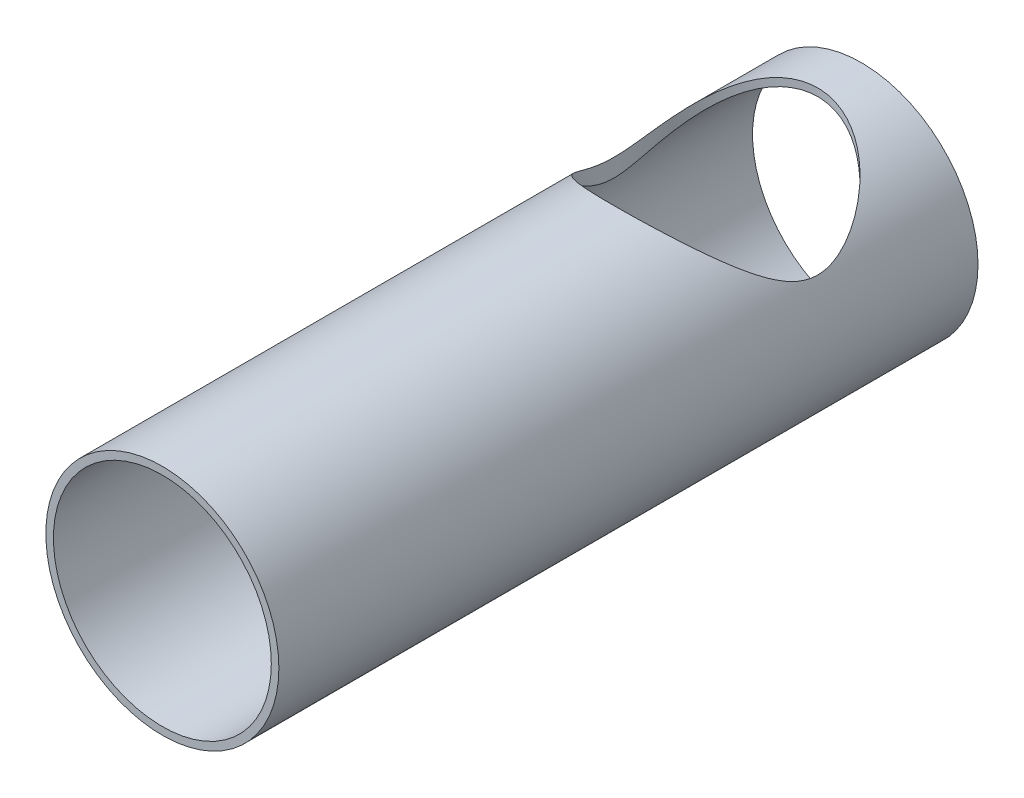
ISO-10303-21;
HEADER;
FILE_DESCRIPTION(('STEP AP214'),'2;1');
FILE_NAME('part.step','',(''),(''),'','','');
FILE_SCHEMA(('AUTOMOTIVE_DESIGN { 1 0 10303 214 1 1 1 1 }'));
ENDSEC;
DATA;
#1=APPLICATION_CONTEXT('core data for automotive mechanical design processes');
#2=APPLICATION_PROTOCOL_DEFINITION('international standard','automotive_design',2000,#1);
#3=PRODUCT_CONTEXT('',#1,'mechanical');
#4=PRODUCT('Part','Part','',(#3));
#5=PRODUCT_RELATED_PRODUCT_CATEGORY('part','',(#4));
#6=PRODUCT_DEFINITION_FORMATION('','',#4);
#7=PRODUCT_DEFINITION_CONTEXT('part definition',#1,'design');
#8=PRODUCT_DEFINITION('design','',#6,#7);
#9=PRODUCT_DEFINITION_SHAPE('','',#8);
#10=(LENGTH_UNIT() NAMED_UNIT(*) SI_UNIT(.MILLI.,.METRE.));
#11=(NAMED_UNIT(*) PLANE_ANGLE_UNIT() SI_UNIT($,.RADIAN.));
#12=(NAMED_UNIT(*) SI_UNIT($,.STERADIAN.) SOLID_ANGLE_UNIT());
#13=UNCERTAINTY_MEASURE_WITH_UNIT(LENGTH_MEASURE(1.E-05),#10,'distance_accuracy_value','');
#14=(GEOMETRIC_REPRESENTATION_CONTEXT(3) GLOBAL_UNCERTAINTY_ASSIGNED_CONTEXT((#13)) GLOBAL_UNIT_ASSIGNED_CONTEXT((#10,
#11,#12)) REPRESENTATION_CONTEXT('',''));
#15=CARTESIAN_POINT('',(0.,0.,0.));
#16=DIRECTION('',(0.,0.,1.));
#17=DIRECTION('',(1.,0.,0.));
#18=AXIS2_PLACEMENT_3D('',#15,#16,#17);
#19=CARTESIAN_POINT('',(0.,0.,152.4));
#20=DIRECTION('',(0.,0.,1.));
#21=DIRECTION('',(1.,0.,0.));
#22=AXIS2_PLACEMENT_3D('',#19,#20,#21);
#23=PLANE('',#22);
#24=CARTESIAN_POINT('',(0.,0.,152.4));
#25=DIRECTION('',(0.,0.,1.));
#26=DIRECTION('',(1.,0.,0.));
#27=AXIS2_PLACEMENT_3D('',#24,#25,#26);
#28=CIRCLE('',#27,25.4);
#29=CARTESIAN_POINT('',(25.4,0.,152.4));
#30=VERTEX_POINT('',#29);
#31=EDGE_CURVE('E10',#30,#30,#28,.T.);
#32=ORIENTED_EDGE('',*,*,#31,.T.);
#33=EDGE_LOOP('',(#32));
#34=FACE_BOUND('',#33,.T.);
#35=CARTESIAN_POINT('',(0.,0.,152.4));
#36=DIRECTION('',(0.,0.,1.));
#37=DIRECTION('',(1.,0.,0.));
#38=AXIS2_PLACEMENT_3D('',#35,#36,#37);
#39=CIRCLE('',#38,23.749);
#40=CARTESIAN_POINT('',(23.749,0.,152.4));
#41=VERTEX_POINT('',#40);
#42=EDGE_CURVE('E48',#41,#41,#39,.T.);
#43=ORIENTED_EDGE('',*,*,#42,.F.);
#44=EDGE_LOOP('',(#43));
#45=FACE_BOUND('',#44,.T.);
#46=ADVANCED_FACE('F30',(#34,#45),#23,.T.);
#47=CARTESIAN_POINT('',(0.,0.,0.));
#48=DIRECTION('',(0.,0.,1.));
#49=DIRECTION('',(1.,0.,0.));
#50=AXIS2_PLACEMENT_3D('',#47,#48,#49);
#51=PLANE('',#50);
#52=CARTESIAN_POINT('',(0.,0.,0.));
#53=DIRECTION('',(0.,0.,1.));
#54=DIRECTION('',(1.,0.,0.));
#55=AXIS2_PLACEMENT_3D('',#52,#53,#54);
#56=CIRCLE('',#55,25.4);
#57=CARTESIAN_POINT('',(25.4,0.,0.));
#58=VERTEX_POINT('',#57);
#59=EDGE_CURVE('E43',#58,#58,#56,.T.);
#60=ORIENTED_EDGE('',*,*,#59,.F.);
#61=EDGE_LOOP('',(#60));
#62=FACE_BOUND('',#61,.T.);
#63=CARTESIAN_POINT('',(0.,0.,0.));
#64=DIRECTION('',(0.,0.,1.));
#65=DIRECTION('',(1.,0.,0.));
#66=AXIS2_PLACEMENT_3D('',#63,#64,#65);
#67=CIRCLE('',#66,23.749);
#68=CARTESIAN_POINT('',(23.749,0.,0.));
#69=VERTEX_POINT('',#68);
#70=EDGE_CURVE('E50',#69,#69,#67,.T.);
#71=ORIENTED_EDGE('',*,*,#70,.T.);
#72=EDGE_LOOP('',(#71));
#73=FACE_BOUND('',#72,.T.);
#74=ADVANCED_FACE('F70',(#62,#73),#51,.F.);
#75=CARTESIAN_POINT('',(0.,0.,152.4));
#76=DIRECTION('',(0.,0.,-1.));
#77=DIRECTION('',(-1.,0.,0.));
#78=AXIS2_PLACEMENT_3D('',#75,#76,#77);
#79=CYLINDRICAL_SURFACE('',#78,25.4);
#80=CARTESIAN_POINT('',(0.,25.4,53.975));
#81=CARTESIAN_POINT('',(-0.519823802327773,25.4000054836974,53.9750055511225));
#82=CARTESIAN_POINT('',(-1.03958620519413,25.3840145171001,53.9567359516643));
#83=CARTESIAN_POINT('',(-2.07481628491507,25.3204280604762,53.8840240452894));
#84=CARTESIAN_POINT('',(-2.59028247446275,25.2728220511353,53.8295696985709));
#85=CARTESIAN_POINT('',(-3.61309308209678,25.146996793013,53.6854349278926));
#86=CARTESIAN_POINT('',(-4.12042669317329,25.0687398405884,53.5957111185667));
#87=CARTESIAN_POINT('',(-5.12252540902101,24.8833155368873,53.382678185024));
#88=CARTESIAN_POINT('',(-5.61729126079152,24.7761499082978,53.2593710620544));
#89=CARTESIAN_POINT('',(-6.58793148033367,24.5358420200911,52.9821198827729));
#90=CARTESIAN_POINT('',(-7.06390837590426,24.4028745387744,52.8283818282472));
#91=CARTESIAN_POINT('',(-7.99792507023292,24.1129081843878,52.4919920730117));
#92=CARTESIAN_POINT('',(-8.45596499162574,23.955909475655,52.3093405700258));
#93=CARTESIAN_POINT('',(-9.35227556590302,23.6204141358293,51.9174205121539));
#94=CARTESIAN_POINT('',(-9.79054664500769,23.4419179685306,51.7081525314966));
#95=CARTESIAN_POINT('',(-10.6461849736762,23.065930839581,51.2651612483445));
#96=CARTESIAN_POINT('',(-11.063547584585,22.8684356910371,51.0314325543279));
#97=CARTESIAN_POINT('',(-11.7519653266435,22.5200186286792,50.6166466494923));
#98=CARTESIAN_POINT('',(-12.0286972709273,22.3733468856828,50.4413682409221));
#99=CARTESIAN_POINT('',(-12.5714382849217,22.0729502675448,50.0807309788536));
#100=CARTESIAN_POINT('',(-12.8374495890627,21.9192268765618,49.8953742450298));
#101=CARTESIAN_POINT('',(-13.6195402076249,21.4485053834397,49.32484960735));
#102=CARTESIAN_POINT('',(-14.1195596680896,21.1220155649182,48.9252979224533));
#103=CARTESIAN_POINT('',(-15.0773330642576,20.4493863511186,48.0910258299805));
#104=CARTESIAN_POINT('',(-15.5349863098537,20.1032031493937,47.6562260242676));
#105=CARTESIAN_POINT('',(-16.4070608410884,19.3980072606517,46.7550684134812));
#106=CARTESIAN_POINT('',(-16.821487891552,19.0389962929946,46.2887148302627));
#107=CARTESIAN_POINT('',(-17.6160794557904,18.3066069863575,45.3156734346481));
#108=CARTESIAN_POINT('',(-17.9953107570615,17.933085807649,44.8083320674139));
#109=CARTESIAN_POINT('',(-18.7095249791243,17.1866384743985,43.7627176452855));
#110=CARTESIAN_POINT('',(-19.0444939672162,16.8137125435461,43.2244349269566));
#111=CARTESIAN_POINT('',(-19.6692309595251,16.0783458441971,42.1170394555691));
#112=CARTESIAN_POINT('',(-19.9590860308547,15.7158860067669,41.5479890171378));
#113=CARTESIAN_POINT('',(-20.3593819356573,15.1889577137914,40.6690567002232));
#114=CARTESIAN_POINT('',(-20.487042733145,15.016143351596,40.3719187613854));
#115=CARTESIAN_POINT('',(-20.7305888840666,14.6780790477691,39.7686744930455));
#116=CARTESIAN_POINT('',(-20.8464761799542,14.5128278608057,39.4625696537209));
#117=CARTESIAN_POINT('',(-21.0693312287098,14.1874356130278,38.8316077885116));
#118=CARTESIAN_POINT('',(-21.1759285810531,14.0275951774814,38.5064637301777));
#119=CARTESIAN_POINT('',(-21.3755249146236,13.7215274292618,37.84562969509));
#120=CARTESIAN_POINT('',(-21.468521701471,13.5753023147288,37.5099380271261));
#121=CARTESIAN_POINT('',(-21.6398867365042,13.3004325025477,36.8283100893339));
#122=CARTESIAN_POINT('',(-21.7182757602428,13.1717629078635,36.482389192344));
#123=CARTESIAN_POINT('',(-21.8594565280216,12.9361142288936,35.7802444725621));
#124=CARTESIAN_POINT('',(-21.9222574554377,12.8291223805111,35.4240268546233));
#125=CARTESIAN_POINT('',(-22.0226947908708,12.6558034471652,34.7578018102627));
════════
### WORK REQUEST:
Go through the material above and output exactly the lines from the one containing "#53=DIRECTION('',(0.,0.,1.));" through the one containing "#65=DIRECTION('',(1.,0.,0.));".

### OUTPUT OF THE TASK:
#53=DIRECTION('',(0.,0.,1.));
#54=DIRECTION('',(1.,0.,0.));
#55=AXIS2_PLACEMENT_3D('',#52,#53,#54);
#56=CIRCLE('',#55,25.4);
#57=CARTESIAN_POINT('',(25.4,0.,0.));
#58=VERTEX_POINT('',#57);
#59=EDGE_CURVE('E43',#58,#58,#56,.T.);
#60=ORIENTED_EDGE('',*,*,#59,.F.);
#61=EDGE_LOOP('',(#60));
#62=FACE_BOUND('',#61,.T.);
#63=CARTESIAN_POINT('',(0.,0.,0.));
#64=DIRECTION('',(0.,0.,1.));
#65=DIRECTION('',(1.,0.,0.));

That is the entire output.